>>>

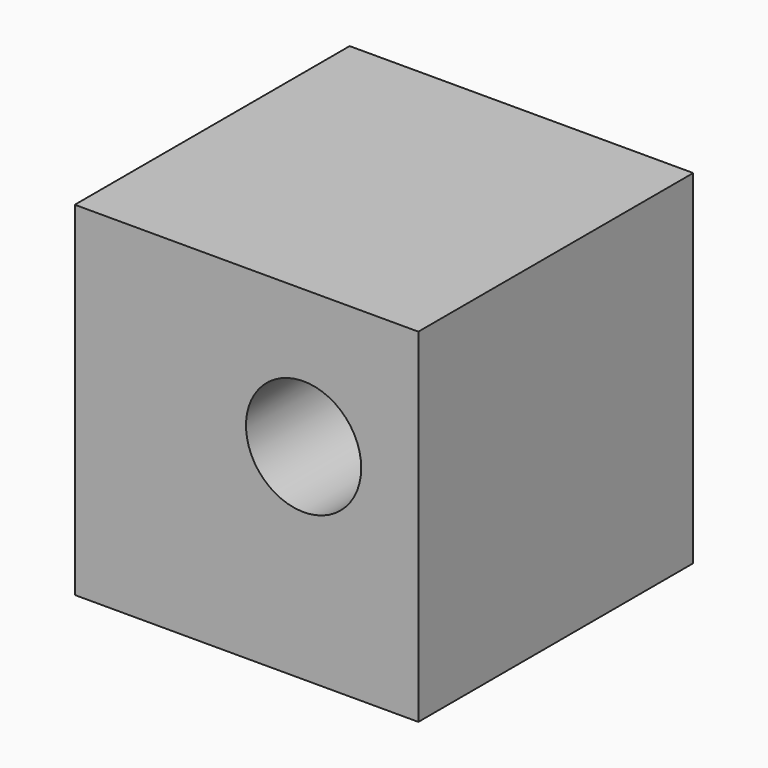
from build123d import *

# Parameters (mm, degrees)
F0_W     = 25.4
F0_H     = 25.4
F2_DEPTH = 25.4
F5_R     = 4.2589034539
F6_DEPTH = 38.862


# Not quite as in the source:
# - a feature of the source that left no trace in its solid (it failed there, or was rolled back) is left out


with BuildPart() as f2:
    # F0 (on Front) → F2 (new body)
    with BuildSketch(Plane.XZ):
        with Locations((-12.7, 12.7)):
            Rectangle(F0_W, F0_H)
    extrude(amount=F2_DEPTH)

    # F5 (on Front) → F6 (cut)
    with BuildSketch(Plane.XZ):
        with Locations((-8.4840552881, 15.1530262083)):
            Circle(F5_R)
    extrude(amount=F6_DEPTH, mode=Mode.SUBTRACT)


solid = f2.part
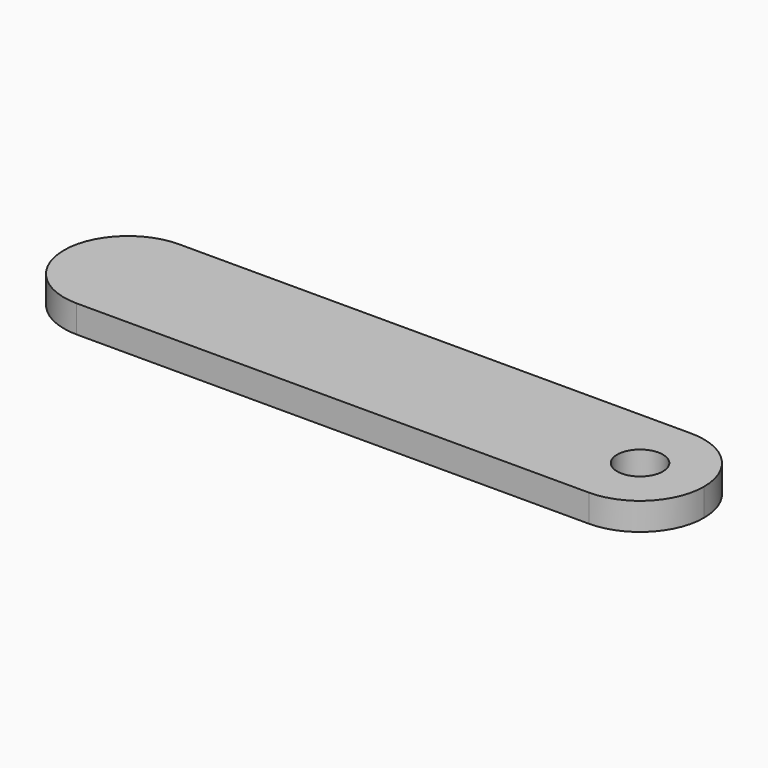
from build123d import *

# Parameters (mm, degrees)
F0_W     = 70
F0_H     = 14
F0_R     = 2.5
F1_DEPTH = 3
F2_R     = 6.99999


# Not quite as in the source:
# - a fillet or chamfer is up to 0.001 mm smaller than in the source, because OpenCascade refuses the exact size


with BuildPart() as f1:
    # F0 (on Top) → F1 (new body)
    with BuildSketch(Plane.XY):
        Rectangle(F0_W, F0_H)
        with Locations((28, 0)):
            Circle(F0_R, mode=Mode.SUBTRACT)
    extrude(amount=F1_DEPTH)

    # F2 (radius 7 in the source; OpenCascade refuses exactly that, so slightly less here)
    f2_edges = [f1.edges().sort_by_distance(p)[0] for p in [
        (35, 7, 1.5),
        (35, -7, 1.5),
        (-35, -7, 1.5),
        (-35, 7, 1.5),
    ]]
    fillet(f2_edges, radius=F2_R)


solid = f1.part

<<<

Assigned task: Only lines with the word "Front" belong in the answer; copy each of them from the material above.

Answer to the problem:
    # F0 (on Front) → F2 (new body)
    # F5 (on Front) → F6 (cut)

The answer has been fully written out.